1/2" Soft Drawn Annealed 3m Coil - $15.00
1/2" Soft Drawn Annealed 6m Coil - $27.00
1/2" Hard Drawn 6m Length - $47.00-ish (IIRC - within $5, it was under $50 anyways)

Hope that helps with price comparison.
Cheers
Sully


----------



## technocat (10/3/09)

WilBier said:


> The copper prices on this link from polyaire are dam cheap! Well done, good find.
> 
> Not sure if you need a trade account to secure them though. Sometimes suppliers can be brutal to walk-in purchasers.
> 
> ...



No need for a trade account prices quoted on their site is just that. Of course if you buy in quantity that would qualify you for a discount. Fifteen metre coil like this 46 bucks ex tax

View attachment 25290


----------



## afromaiko (10/3/09)

Jakechan said:


> Well, it's no cheaper than what I paid at Bunnings a coupla weeks ago.

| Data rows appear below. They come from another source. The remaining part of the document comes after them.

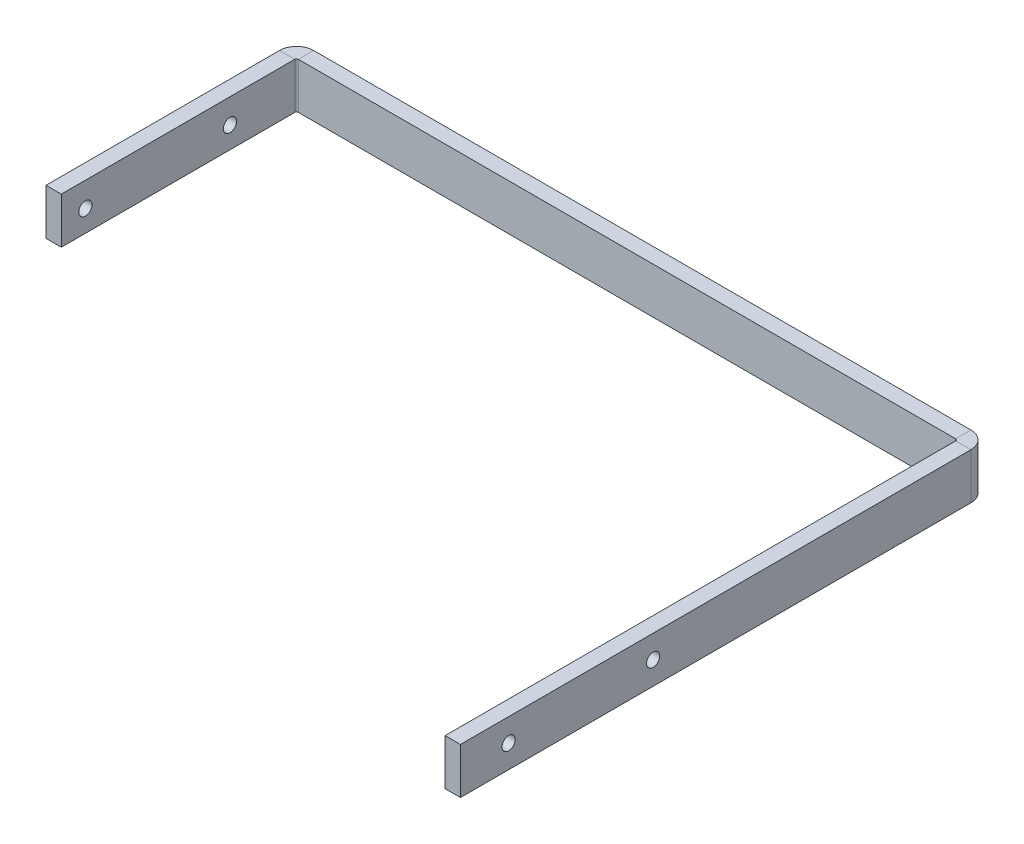
ISO-10303-21;
HEADER;
FILE_DESCRIPTION(('STEP AP214'),'2;1');
FILE_NAME('part.step','',(''),(''),'','','');
FILE_SCHEMA(('AUTOMOTIVE_DESIGN { 1 0 10303 214 1 1 1 1 }'));
ENDSEC;
DATA;
#1=APPLICATION_CONTEXT('core data for automotive mechanical design processes');
#2=APPLICATION_PROTOCOL_DEFINITION('international standard','automotive_design',2000,#1);
#3=PRODUCT_CONTEXT('',#1,'mechanical');
#4=PRODUCT('Part','Part','',(#3));
#5=PRODUCT_RELATED_PRODUCT_CATEGORY('part','',(#4));
#6=PRODUCT_DEFINITION_FORMATION('','',#4);
#7=PRODUCT_DEFINITION_CONTEXT('part definition',#1,'design');
#8=PRODUCT_DEFINITION('design','',#6,#7);
#9=PRODUCT_DEFINITION_SHAPE('','',#8);
#10=(LENGTH_UNIT() NAMED_UNIT(*) SI_UNIT(.MILLI.,.METRE.));
#11=(NAMED_UNIT(*) PLANE_ANGLE_UNIT() SI_UNIT($,.RADIAN.));
#12=(NAMED_UNIT(*) SI_UNIT($,.STERADIAN.) SOLID_ANGLE_UNIT());
#13=UNCERTAINTY_MEASURE_WITH_UNIT(LENGTH_MEASURE(1.E-05),#10,'distance_accuracy_value','');
#14=(GEOMETRIC_REPRESENTATION_CONTEXT(3) GLOBAL_UNCERTAINTY_ASSIGNED_CONTEXT((#13)) GLOBAL_UNIT_ASSIGNED_CONTEXT((#10,
#11,#12)) REPRESENTATION_CONTEXT('',''));
#15=CARTESIAN_POINT('',(0.,0.,0.));
#16=DIRECTION('',(0.,0.,1.));
#17=DIRECTION('',(1.,0.,0.));
#18=AXIS2_PLACEMENT_3D('',#15,#16,#17);
#19=CARTESIAN_POINT('',(355.844279829867,0.,-6.35));
#20=DIRECTION('',(0.,-1.,0.));
#21=DIRECTION('',(1.,0.,0.));
#22=AXIS2_PLACEMENT_3D('',#19,#20,#21);
#23=PLANE('',#22);
#24=DIRECTION('',(1.,0.,0.));
#25=VECTOR('',#24,1.);
#26=CARTESIAN_POINT('',(355.844279829867,0.,-6.35));
#27=LINE('',#26,#25);
#28=CARTESIAN_POINT('',(-135.083556714187,0.,-6.35));
#29=VERTEX_POINT('',#28);
#30=CARTESIAN_POINT('',(137.772116373922,0.,-6.35));
#31=VERTEX_POINT('',#30);
#32=EDGE_CURVE('E230',#29,#31,#27,.T.);
#33=ORIENTED_EDGE('',*,*,#32,.T.);
#34=DIRECTION('',(0.,0.,1.));
#35=VECTOR('',#34,1.);
#36=CARTESIAN_POINT('',(137.772116373922,0.,-6.35));
#37=LINE('',#36,#35);
#38=CARTESIAN_POINT('',(137.772116373922,0.,0.));
#39=VERTEX_POINT('',#38);
#40=EDGE_CURVE('E12',#31,#39,#37,.T.);
#41=ORIENTED_EDGE('',*,*,#40,.T.);
#42=DIRECTION('',(1.,0.,0.));
#43=VECTOR('',#42,1.);
#44=CARTESIAN_POINT('',(355.844279829867,0.,0.));
#45=LINE('',#44,#43);
#46=CARTESIAN_POINT('',(-135.083556714187,0.,0.));
#47=VERTEX_POINT('',#46);
#48=EDGE_CURVE('E247',#47,#39,#45,.T.);
#49=ORIENTED_EDGE('',*,*,#48,.F.);
#50=DIRECTION('',(0.,0.,1.));
#51=VECTOR('',#50,1.);
#52=CARTESIAN_POINT('',(-135.083556714187,0.,-6.35));
#53=LINE('',#52,#51);
#54=EDGE_CURVE('E229',#29,#47,#53,.T.);
#55=ORIENTED_EDGE('',*,*,#54,.F.);
#56=EDGE_LOOP('',(#33,#41,#49,#55));
#57=FACE_BOUND('',#56,.T.);
#58=ADVANCED_FACE('F48',(#57),#23,.T.);
#59=CARTESIAN_POINT('',(355.844279829867,19.0954773869347,-6.35));
#60=DIRECTION('',(0.,1.,0.));
#61=DIRECTION('',(-1.,0.,0.));
#62=AXIS2_PLACEMENT_3D('',#59,#60,#61);
#63=PLANE('',#62);
#64=DIRECTION('',(-1.,0.,0.));
#65=VECTOR('',#64,1.);
#66=CARTESIAN_POINT('',(355.844279829867,19.0954773869347,0.));
#67=LINE('',#66,#65);
#68=CARTESIAN_POINT('',(137.772116373922,19.0954773869347,0.));
#69=VERTEX_POINT('',#68);
#70=CARTESIAN_POINT('',(-135.083556714187,19.0954773869346,0.));
#71=VERTEX_POINT('',#70);
#72=EDGE_CURVE('E72',#69,#71,#67,.T.);
#73=ORIENTED_EDGE('',*,*,#72,.F.);
#74=DIRECTION('',(0.,0.,-1.));
#75=VECTOR('',#74,1.);
#76=CARTESIAN_POINT('',(137.772116373922,19.0954773869347,-6.35));
#77=LINE('',#76,#75);
#78=CARTESIAN_POINT('',(137.772116373922,19.0954773869347,-6.35));
#79=VERTEX_POINT('',#78);
#80=EDGE_CURVE('E241',#69,#79,#77,.T.);
#81=ORIENTED_EDGE('',*,*,#80,.T.);
#82=DIRECTION('',(-1.,0.,0.));
#83=VECTOR('',#82,1.);
#84=CARTESIAN_POINT('',(355.844279829867,19.0954773869347,-6.35));
#85=LINE('',#84,#83);
#86=CARTESIAN_POINT('',(-135.083556714187,19.0954773869347,-6.35));
#87=VERTEX_POINT('',#86);
#88=EDGE_CURVE('E51',#79,#87,#85,.T.);
#89=ORIENTED_EDGE('',*,*,#88,.T.);
#90=DIRECTION('',(0.,0.,-1.));
#91=VECTOR('',#90,1.);
#92=CARTESIAN_POINT('',(-135.083556714187,19.0954773869346,-6.35));
#93=LINE('',#92,#91);
#94=EDGE_CURVE('E235',#71,#87,#93,.T.);
#95=ORIENTED_EDGE('',*,*,#94,.F.);
#96=EDGE_LOOP('',(#73,#81,#89,#95));
#97=FACE_BOUND('',#96,.T.);
#98=ADVANCED_FACE('F252',(#97),#63,.T.);
#99=CARTESIAN_POINT('',(0.,0.,-6.35));
#100=DIRECTION('',(0.,0.,-1.));
#101=DIRECTION('',(-1.,0.,0.));
#102=AXIS2_PLACEMENT_3D('',#99,#100,#101);
#103=PLANE('',#102);
#104=ORIENTED_EDGE('',*,*,#88,.F.);
#105=DIRECTION('',(0.,-1.,0.));
#106=VECTOR('',#105,1.);
#107=CARTESIAN_POINT('',(137.772116373922,-2.00253930093311E-13,-6.35));
#108=LINE('',#107,#106);
#109=EDGE_CURVE('E238',#79,#31,#108,.T.);
#110=ORIENTED_EDGE('',*,*,#109,.T.);
#111=ORIENTED_EDGE('',*,*,#32,.F.);
#112=DIRECTION('',(0.,-1.,0.));
#113=VECTOR('',#112,1.);
#114=CARTESIAN_POINT('',(-135.083556714187,-1.96346066497089E-13,-6.35));
#115=LINE('',#114,#113);
#116=EDGE_CURVE('E226',#87,#29,#115,.T.);
#117=ORIENTED_EDGE('',*,*,#116,.F.);
#118=EDGE_LOOP('',(#104,#110,#111,#117));
#119=FACE_BOUND('',#118,.T.);
#120=ADVANCED_FACE('F303',(#119),#103,.T.);
#121=CARTESIAN_POINT('',(0.,0.,0.));
#122=DIRECTION('',(0.,0.,-1.));
#123=DIRECTION('',(-1.,0.,0.));
#124=AXIS2_PLACEMENT_3D('',#121,#122,#123);
#125=PLANE('',#124);
#126=DIRECTION('',(0.,-1.,0.));
#127=VECTOR('',#126,1.);
#128=CARTESIAN_POINT('',(137.772116373922,-2.00253930093311E-13,0.));
#129=LINE('',#128,#127);
#130=EDGE_CURVE('E56',#69,#39,#129,.T.);
#131=ORIENTED_EDGE('',*,*,#130,.F.);
#132=ORIENTED_EDGE('',*,*,#72,.T.);
#133=DIRECTION('',(0.,-1.,0.));
#134=VECTOR('',#133,1.);
#135=CARTESIAN_POINT('',(-135.083556714187,-1.96346066497089E-13,0.));
#136=LINE('',#135,#134);
#137=EDGE_CURVE('E233',#71,#47,#136,.T.);
#138=ORIENTED_EDGE('',*,*,#137,.T.);
#139=ORIENTED_EDGE('',*,*,#48,.T.);
#140=EDGE_LOOP('',(#131,#132,#138,#139));
#141=FACE_BOUND('',#140,.T.);
#142=ADVANCED_FACE('F526',(#141),#125,.F.);
#143=CARTESIAN_POINT('',(-135.083556714187,19.0954773869347,0.7366));
#144=DIRECTION('',(0.,1.,0.));
#145=DIRECTION('',(0.,0.,1.));
#146=AXIS2_PLACEMENT_3D('',#143,#144,#145);
#147=PLANE('',#146);
#148=DIRECTION('',(-1.,0.,0.));
#149=VECTOR('',#148,1.);
#150=CARTESIAN_POINT('',(-142.170156714187,19.0954773869346,0.736600000000032));
#151=LINE('',#150,#149);
#152=CARTESIAN_POINT('',(-135.820156714187,19.0954773869347,0.736600000000004));
#153=VERTEX_POINT('',#152);
#154=CARTESIAN_POINT('',(-142.170156714187,19.0954773869346,0.736600000000024));
#155=VERTEX_POINT('',#154);
#156=EDGE_CURVE('E191',#153,#155,#151,.T.);
#157=ORIENTED_EDGE('',*,*,#156,.F.);
#158=CARTESIAN_POINT('',(-135.083556714187,19.0954773869347,0.7366));
#159=DIRECTION('',(0.,1.,0.));
#160=DIRECTION('',(-1.,0.,0.));
#161=AXIS2_PLACEMENT_3D('',#158,#159,#160);
#162=CIRCLE('',#161,0.7366);
#163=EDGE_CURVE('E188',#153,#71,#162,.F.);
#164=ORIENTED_EDGE('',*,*,#163,.T.);
#165=ORIENTED_EDGE('',*,*,#94,.T.);
#166=CARTESIAN_POINT('',(-135.083556714187,19.0954773869347,0.7366));
#167=DIRECTION('',(0.,-1.,0.));
#168=DIRECTION('',(0.,0.,1.));
#169=AXIS2_PLACEMENT_3D('',#166,#167,#168);
#170=CIRCLE('',#169,7.0866);
#171=EDGE_CURVE('E215',#155,#87,#170,.T.);
#172=ORIENTED_EDGE('',*,*,#171,.F.);
#173=EDGE_LOOP('',(#157,#164,#165,#172));
#174=FACE_BOUND('',#173,.T.);
#175=ADVANCED_FACE('F258',(#174),#147,.T.);
#176=CARTESIAN_POINT('',(-135.083556714187,0.,0.7366));
#177=DIRECTION('',(0.,-1.,0.));
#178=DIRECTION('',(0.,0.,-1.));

Bunnings prices have are becoming more competitive lately. But not that long ago you'd be paying triple what Polyaire charged. I've just walked in and bought the tube over the counter, no trade account required. However, with all these kind of places it's best to know exactly what you want and get to the point rather than asking them a lot of questions. I know that some places can get a bit uncooperative if they think you are going to be using it for illegal DIY work.


----------



## Swinging Beef (10/3/09)

What do you guys use to put fittings on the end to attach to the water hose?
Are they welded or the ones that use a flared end?
And if flared, how is this done cost effectively?


----------



## Jakechan (10/3/09)

Swinging Beef said:


> What do you guys use to put fittings on the end to attach to the water hose?
> Are they welded or the ones that use a flared end?
> And if flared, how is this done cost effectively?


A simple compression fitting with reducer then garden tap fitting.


----------



## Swinging Beef (10/3/09)

Jakechan said:


> A simple compression fitting with reducer then garden tap fitting.


Right, cool.
Do you need to flare the ends to fit them?


----------



## chappo1970 (10/3/09)

Yep as per Jake compression fittings but I use the copper olive inserts as shown. Plumber mate recommended them as being better to stand up to the heat and for food grade stuffs. Also they pull down for easy cleaning and repair IMO.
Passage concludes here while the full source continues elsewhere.